● Data entries:
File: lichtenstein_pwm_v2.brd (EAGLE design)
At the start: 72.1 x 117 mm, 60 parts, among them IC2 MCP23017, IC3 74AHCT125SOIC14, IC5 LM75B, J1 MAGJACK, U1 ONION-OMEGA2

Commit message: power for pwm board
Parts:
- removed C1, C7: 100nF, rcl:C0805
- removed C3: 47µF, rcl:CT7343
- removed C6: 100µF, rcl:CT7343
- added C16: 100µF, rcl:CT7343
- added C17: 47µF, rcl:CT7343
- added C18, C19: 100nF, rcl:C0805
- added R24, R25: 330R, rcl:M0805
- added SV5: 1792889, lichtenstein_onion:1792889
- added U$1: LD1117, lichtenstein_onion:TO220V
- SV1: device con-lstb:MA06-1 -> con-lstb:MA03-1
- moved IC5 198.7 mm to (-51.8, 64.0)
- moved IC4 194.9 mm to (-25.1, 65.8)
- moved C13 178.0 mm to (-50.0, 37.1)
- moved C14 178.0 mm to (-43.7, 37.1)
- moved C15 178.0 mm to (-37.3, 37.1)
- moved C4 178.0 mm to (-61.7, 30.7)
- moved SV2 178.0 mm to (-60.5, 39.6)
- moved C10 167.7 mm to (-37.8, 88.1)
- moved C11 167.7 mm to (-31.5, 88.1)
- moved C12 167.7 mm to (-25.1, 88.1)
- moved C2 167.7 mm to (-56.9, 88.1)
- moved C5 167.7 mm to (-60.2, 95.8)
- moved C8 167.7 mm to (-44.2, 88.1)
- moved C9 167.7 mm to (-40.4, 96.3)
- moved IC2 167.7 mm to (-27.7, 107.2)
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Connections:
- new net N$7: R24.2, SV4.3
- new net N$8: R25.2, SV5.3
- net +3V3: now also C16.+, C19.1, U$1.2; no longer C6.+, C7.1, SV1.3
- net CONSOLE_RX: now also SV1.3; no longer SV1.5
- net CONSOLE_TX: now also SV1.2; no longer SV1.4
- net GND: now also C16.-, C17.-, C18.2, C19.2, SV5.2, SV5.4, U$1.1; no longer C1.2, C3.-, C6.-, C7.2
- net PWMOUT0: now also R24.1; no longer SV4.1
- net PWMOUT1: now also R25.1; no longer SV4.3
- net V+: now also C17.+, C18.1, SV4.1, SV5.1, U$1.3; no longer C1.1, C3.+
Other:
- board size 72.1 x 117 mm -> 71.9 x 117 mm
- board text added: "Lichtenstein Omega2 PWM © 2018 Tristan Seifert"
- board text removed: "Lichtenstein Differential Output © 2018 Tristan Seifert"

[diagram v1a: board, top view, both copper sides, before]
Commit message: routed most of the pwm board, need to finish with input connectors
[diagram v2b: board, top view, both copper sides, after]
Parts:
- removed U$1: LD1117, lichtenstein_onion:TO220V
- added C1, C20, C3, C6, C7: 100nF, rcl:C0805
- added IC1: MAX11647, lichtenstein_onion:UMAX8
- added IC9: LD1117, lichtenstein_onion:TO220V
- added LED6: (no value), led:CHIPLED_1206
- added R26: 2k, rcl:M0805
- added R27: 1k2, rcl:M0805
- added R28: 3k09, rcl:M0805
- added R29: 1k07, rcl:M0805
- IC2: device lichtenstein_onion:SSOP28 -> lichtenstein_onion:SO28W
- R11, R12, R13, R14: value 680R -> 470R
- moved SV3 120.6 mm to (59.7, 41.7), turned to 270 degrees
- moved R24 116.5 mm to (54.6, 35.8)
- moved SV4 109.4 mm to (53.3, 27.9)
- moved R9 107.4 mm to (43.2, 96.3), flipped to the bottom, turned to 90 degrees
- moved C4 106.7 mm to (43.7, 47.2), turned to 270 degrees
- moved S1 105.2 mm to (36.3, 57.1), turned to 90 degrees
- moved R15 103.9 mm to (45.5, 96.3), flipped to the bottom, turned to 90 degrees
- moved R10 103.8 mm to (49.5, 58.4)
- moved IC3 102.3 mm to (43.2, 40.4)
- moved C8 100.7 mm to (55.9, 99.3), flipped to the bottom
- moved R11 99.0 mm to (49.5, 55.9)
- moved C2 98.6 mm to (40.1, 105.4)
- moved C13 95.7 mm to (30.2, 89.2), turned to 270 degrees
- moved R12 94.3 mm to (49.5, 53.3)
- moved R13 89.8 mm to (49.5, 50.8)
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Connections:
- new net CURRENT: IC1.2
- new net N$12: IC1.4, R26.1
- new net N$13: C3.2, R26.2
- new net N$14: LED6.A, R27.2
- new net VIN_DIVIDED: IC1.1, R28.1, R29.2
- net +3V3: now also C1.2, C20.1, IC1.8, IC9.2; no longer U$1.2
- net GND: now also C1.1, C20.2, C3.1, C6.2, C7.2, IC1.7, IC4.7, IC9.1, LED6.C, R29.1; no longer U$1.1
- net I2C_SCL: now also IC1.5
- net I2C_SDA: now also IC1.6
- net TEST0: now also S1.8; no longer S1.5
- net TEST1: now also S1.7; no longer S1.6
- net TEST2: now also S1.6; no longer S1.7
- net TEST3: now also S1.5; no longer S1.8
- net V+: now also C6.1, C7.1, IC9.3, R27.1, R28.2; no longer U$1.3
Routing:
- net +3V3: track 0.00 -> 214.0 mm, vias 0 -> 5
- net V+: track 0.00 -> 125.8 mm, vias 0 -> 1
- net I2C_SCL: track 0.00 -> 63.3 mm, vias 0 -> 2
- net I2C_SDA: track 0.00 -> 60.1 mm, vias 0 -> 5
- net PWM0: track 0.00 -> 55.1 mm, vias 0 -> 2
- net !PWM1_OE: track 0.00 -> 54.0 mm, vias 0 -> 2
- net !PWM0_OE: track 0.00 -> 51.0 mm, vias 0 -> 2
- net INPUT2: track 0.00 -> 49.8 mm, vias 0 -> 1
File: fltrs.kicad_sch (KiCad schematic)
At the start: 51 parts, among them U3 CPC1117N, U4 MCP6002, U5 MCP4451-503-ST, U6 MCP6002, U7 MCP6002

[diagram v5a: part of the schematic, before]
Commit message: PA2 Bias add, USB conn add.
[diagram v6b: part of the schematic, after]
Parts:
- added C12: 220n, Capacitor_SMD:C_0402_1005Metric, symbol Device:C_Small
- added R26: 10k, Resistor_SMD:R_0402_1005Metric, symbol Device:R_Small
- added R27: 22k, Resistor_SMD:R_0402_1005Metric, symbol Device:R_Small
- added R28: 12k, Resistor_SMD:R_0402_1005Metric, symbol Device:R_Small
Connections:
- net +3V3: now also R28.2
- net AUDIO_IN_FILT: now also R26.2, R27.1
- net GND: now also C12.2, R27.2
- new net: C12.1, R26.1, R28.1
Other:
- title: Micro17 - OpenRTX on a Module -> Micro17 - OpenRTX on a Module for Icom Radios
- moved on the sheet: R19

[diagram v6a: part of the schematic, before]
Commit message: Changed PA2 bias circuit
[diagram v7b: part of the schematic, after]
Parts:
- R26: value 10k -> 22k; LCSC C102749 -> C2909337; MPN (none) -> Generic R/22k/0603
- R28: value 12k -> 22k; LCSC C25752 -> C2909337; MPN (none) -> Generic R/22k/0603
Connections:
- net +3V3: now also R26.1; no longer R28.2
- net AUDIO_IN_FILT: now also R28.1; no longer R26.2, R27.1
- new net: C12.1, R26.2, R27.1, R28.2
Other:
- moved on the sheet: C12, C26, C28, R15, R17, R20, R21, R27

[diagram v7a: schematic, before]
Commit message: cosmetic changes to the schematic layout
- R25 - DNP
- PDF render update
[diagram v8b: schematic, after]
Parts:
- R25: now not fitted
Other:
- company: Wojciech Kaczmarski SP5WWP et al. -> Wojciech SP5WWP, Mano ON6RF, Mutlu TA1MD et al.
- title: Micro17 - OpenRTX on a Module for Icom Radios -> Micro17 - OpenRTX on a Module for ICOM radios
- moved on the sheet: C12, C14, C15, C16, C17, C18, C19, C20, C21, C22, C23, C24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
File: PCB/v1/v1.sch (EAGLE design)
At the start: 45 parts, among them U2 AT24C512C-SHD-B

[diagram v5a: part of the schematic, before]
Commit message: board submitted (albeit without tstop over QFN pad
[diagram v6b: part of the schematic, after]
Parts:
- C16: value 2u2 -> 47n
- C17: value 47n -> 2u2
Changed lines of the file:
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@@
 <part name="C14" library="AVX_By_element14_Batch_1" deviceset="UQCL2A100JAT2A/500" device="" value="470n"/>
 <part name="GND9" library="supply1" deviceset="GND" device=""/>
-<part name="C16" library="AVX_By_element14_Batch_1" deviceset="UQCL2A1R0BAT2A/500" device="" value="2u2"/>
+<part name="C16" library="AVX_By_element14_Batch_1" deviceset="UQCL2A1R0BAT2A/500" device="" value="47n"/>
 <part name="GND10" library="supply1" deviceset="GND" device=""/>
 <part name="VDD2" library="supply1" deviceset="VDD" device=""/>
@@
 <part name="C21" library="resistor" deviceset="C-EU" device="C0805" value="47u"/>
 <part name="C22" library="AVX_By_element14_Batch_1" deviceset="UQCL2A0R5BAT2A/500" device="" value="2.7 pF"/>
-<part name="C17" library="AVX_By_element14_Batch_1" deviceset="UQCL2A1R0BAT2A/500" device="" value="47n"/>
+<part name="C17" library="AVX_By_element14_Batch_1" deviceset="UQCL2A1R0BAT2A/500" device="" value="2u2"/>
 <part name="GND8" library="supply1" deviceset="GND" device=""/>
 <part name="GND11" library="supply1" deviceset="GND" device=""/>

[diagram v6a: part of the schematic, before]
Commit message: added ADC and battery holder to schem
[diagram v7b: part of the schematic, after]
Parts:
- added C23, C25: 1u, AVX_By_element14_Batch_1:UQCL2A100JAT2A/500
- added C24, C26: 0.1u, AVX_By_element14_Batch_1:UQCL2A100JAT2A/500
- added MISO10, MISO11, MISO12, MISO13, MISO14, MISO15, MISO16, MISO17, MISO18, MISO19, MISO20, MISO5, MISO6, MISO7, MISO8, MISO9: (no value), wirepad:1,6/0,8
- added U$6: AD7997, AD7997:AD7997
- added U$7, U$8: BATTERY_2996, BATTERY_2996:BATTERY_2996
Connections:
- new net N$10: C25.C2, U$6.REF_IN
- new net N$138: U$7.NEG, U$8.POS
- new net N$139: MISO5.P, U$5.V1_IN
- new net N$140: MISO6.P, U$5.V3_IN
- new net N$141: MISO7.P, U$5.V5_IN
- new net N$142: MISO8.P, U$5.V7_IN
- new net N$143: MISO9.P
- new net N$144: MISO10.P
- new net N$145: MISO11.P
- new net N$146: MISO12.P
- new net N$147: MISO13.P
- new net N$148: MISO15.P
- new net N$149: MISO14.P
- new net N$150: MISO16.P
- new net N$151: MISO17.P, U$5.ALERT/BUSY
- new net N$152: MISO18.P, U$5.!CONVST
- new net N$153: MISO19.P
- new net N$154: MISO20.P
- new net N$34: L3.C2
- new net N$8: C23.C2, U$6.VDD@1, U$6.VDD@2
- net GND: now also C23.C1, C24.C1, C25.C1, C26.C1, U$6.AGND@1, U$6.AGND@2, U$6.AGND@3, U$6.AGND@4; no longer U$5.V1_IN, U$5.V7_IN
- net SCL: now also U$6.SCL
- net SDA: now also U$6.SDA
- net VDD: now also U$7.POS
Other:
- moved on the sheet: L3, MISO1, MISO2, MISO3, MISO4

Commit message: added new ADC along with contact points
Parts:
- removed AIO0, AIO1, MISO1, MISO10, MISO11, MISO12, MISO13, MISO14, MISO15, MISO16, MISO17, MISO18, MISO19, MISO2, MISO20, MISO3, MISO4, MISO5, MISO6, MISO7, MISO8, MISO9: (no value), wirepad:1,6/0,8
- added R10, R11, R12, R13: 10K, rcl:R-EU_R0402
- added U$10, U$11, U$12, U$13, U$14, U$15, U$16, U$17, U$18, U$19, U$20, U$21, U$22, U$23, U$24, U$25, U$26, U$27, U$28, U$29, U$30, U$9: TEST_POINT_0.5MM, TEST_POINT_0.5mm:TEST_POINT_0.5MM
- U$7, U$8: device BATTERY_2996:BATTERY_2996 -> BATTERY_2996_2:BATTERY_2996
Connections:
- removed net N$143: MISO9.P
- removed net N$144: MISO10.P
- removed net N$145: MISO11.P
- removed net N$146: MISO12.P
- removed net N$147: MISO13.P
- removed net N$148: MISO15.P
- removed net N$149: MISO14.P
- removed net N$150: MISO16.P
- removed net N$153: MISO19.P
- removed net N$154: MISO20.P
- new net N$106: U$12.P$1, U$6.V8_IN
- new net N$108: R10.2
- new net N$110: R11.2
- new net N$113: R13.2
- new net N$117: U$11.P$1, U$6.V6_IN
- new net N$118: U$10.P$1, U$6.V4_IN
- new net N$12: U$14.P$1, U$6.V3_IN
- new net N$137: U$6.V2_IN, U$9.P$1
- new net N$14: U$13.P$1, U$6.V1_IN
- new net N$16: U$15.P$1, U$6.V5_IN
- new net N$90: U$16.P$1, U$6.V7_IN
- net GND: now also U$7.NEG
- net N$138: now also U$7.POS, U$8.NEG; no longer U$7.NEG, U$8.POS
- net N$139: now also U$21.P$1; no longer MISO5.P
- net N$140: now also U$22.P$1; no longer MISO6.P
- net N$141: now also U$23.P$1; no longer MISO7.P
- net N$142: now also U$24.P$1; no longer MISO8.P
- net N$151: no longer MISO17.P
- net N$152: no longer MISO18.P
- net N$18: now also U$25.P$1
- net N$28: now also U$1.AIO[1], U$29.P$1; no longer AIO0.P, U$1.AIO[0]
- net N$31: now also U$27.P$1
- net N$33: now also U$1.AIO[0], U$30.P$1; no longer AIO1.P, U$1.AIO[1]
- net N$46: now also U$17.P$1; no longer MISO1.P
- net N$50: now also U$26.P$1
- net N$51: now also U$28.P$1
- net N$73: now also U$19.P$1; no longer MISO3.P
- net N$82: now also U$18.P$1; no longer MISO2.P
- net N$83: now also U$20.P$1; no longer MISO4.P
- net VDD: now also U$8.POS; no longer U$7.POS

● Problem to work on: Where a line contains "Commit message: added new", begin there and output each line through the end of the data above, exactly; give no other lines.

● Response to this task:
Commit message: added new ADC along with contact points
Parts:
- removed AIO0, AIO1, MISO1, MISO10, MISO11, MISO12, MISO13, MISO14, MISO15, MISO16, MISO17, MISO18, MISO19, MISO2, MISO20, MISO3, MISO4, MISO5, MISO6, MISO7, MISO8, MISO9: (no value), wirepad:1,6/0,8
- added R10, R11, R12, R13: 10K, rcl:R-EU_R0402
- added U$10, U$11, U$12, U$13, U$14, U$15, U$16, U$17, U$18, U$19, U$20, U$21, U$22, U$23, U$24, U$25, U$26, U$27, U$28, U$29, U$30, U$9: TEST_POINT_0.5MM, TEST_POINT_0.5mm:TEST_POINT_0.5MM
- U$7, U$8: device BATTERY_2996:BATTERY_2996 -> BATTERY_2996_2:BATTERY_2996
Connections:
- removed net N$143: MISO9.P
- removed net N$144: MISO10.P
- removed net N$145: MISO11.P
- removed net N$146: MISO12.P
- removed net N$147: MISO13.P
- removed net N$148: MISO15.P
- removed net N$149: MISO14.P
- removed net N$150: MISO16.P
- removed net N$153: MISO19.P
- removed net N$154: MISO20.P
- new net N$106: U$12.P$1, U$6.V8_IN
- new net N$108: R10.2
- new net N$110: R11.2
- new net N$113: R13.2
- new net N$117: U$11.P$1, U$6.V6_IN
- new net N$118: U$10.P$1, U$6.V4_IN
- new net N$12: U$14.P$1, U$6.V3_IN
- new net N$137: U$6.V2_IN, U$9.P$1
- new net N$14: U$13.P$1, U$6.V1_IN
- new net N$16: U$15.P$1, U$6.V5_IN
- new net N$90: U$16.P$1, U$6.V7_IN
- net GND: now also U$7.NEG
- net N$138: now also U$7.POS, U$8.NEG; no longer U$7.NEG, U$8.POS
- net N$139: now also U$21.P$1; no longer MISO5.P
- net N$140: now also U$22.P$1; no longer MISO6.P
- net N$141: now also U$23.P$1; no longer MISO7.P
- net N$142: now also U$24.P$1; no longer MISO8.P
- net N$151: no longer MISO17.P
- net N$152: no longer MISO18.P
- net N$18: now also U$25.P$1
- net N$28: now also U$1.AIO[1], U$29.P$1; no longer AIO0.P, U$1.AIO[0]
- net N$31: now also U$27.P$1
- net N$33: now also U$1.AIO[0], U$30.P$1; no longer AIO1.P, U$1.AIO[1]
- net N$46: now also U$17.P$1; no longer MISO1.P
- net N$50: now also U$26.P$1
- net N$51: now also U$28.P$1
- net N$73: now also U$19.P$1; no longer MISO3.P
- net N$82: now also U$18.P$1; no longer MISO2.P
- net N$83: now also U$20.P$1; no longer MISO4.P
- net VDD: now also U$8.POS; no longer U$7.POS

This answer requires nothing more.